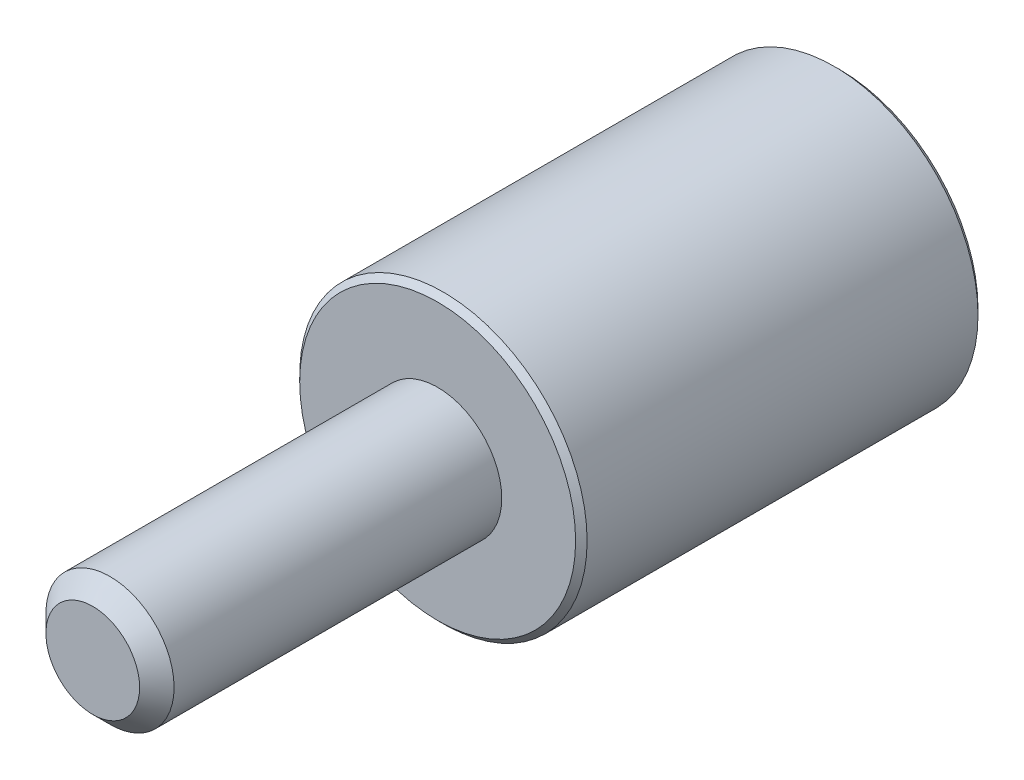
from build123d import *

# Parameters (mm, degrees)
SKETCH1_R           = 12.5
SKETCH1_R_2         = 6.45
BOSS_EXTRUDE1_DEPTH = 30
SKETCH2_R           = 12.5
BOSS_EXTRUDE2_DEPTH = 5
SKETCH3_R           = 5.575
BOSS_EXTRUDE3_DEPTH = 30
CHAMFER1_SIZE       = 1.5
CHAMFER2_SIZE       = 0.5
CHAMFER3_SIZE       = 1


with BuildPart() as part:
    # Sketch1 → Boss-Extrude1 (new body)
    with BuildSketch(Plane.XY):
        Circle(SKETCH1_R)
        Circle(SKETCH1_R_2, mode=Mode.SUBTRACT)
    extrude(amount=BOSS_EXTRUDE1_DEPTH)

    # Sketch2 → Boss-Extrude2 (add)
    with BuildSketch(Plane.XY.offset(30)):
        Circle(SKETCH2_R)
    extrude(amount=BOSS_EXTRUDE2_DEPTH)

    # Sketch3 → Boss-Extrude3 (add)
    with BuildSketch(Plane.XY.offset(35)):
        Circle(SKETCH3_R)
    extrude(amount=BOSS_EXTRUDE3_DEPTH)

    # Chamfer1
    chamfer1_edges = [part.edges().sort_by_distance(p)[0] for p in [
        (-5.575, 0, 65),
    ]]
    chamfer(chamfer1_edges, length=CHAMFER1_SIZE)

    # Chamfer2
    chamfer2_edges = [part.edges().sort_by_distance(p)[0] for p in [
        (-12.5, 0, 0),
        (-12.5, 0, 35),
    ]]
    chamfer(chamfer2_edges, length=CHAMFER2_SIZE)

    # Chamfer3
    chamfer3_edges = [part.edges().sort_by_distance(p)[0] for p in [
        (-6.45, 0, 0),
    ]]
    chamfer(chamfer3_edges, length=CHAMFER3_SIZE)


solid = part.part

REQUIRED WORK:
Would you return exactly the lines from the one containing "chamfer(chamfer1_edges, length=CHAMFER1_SIZE)" through the end of the listing, both included, and only them?

ANSWER TO THIS PROBLEM:
    chamfer(chamfer1_edges, length=CHAMFER1_SIZE)

    # Chamfer2
    chamfer2_edges = [part.edges().sort_by_distance(p)[0] for p in [
        (-12.5, 0, 0),
        (-12.5, 0, 35),
    ]]
    chamfer(chamfer2_edges, length=CHAMFER2_SIZE)

    # Chamfer3
    chamfer3_edges = [part.edges().sort_by_distance(p)[0] for p in [
        (-6.45, 0, 0),
    ]]
    chamfer(chamfer3_edges, length=CHAMFER3_SIZE)


solid = part.part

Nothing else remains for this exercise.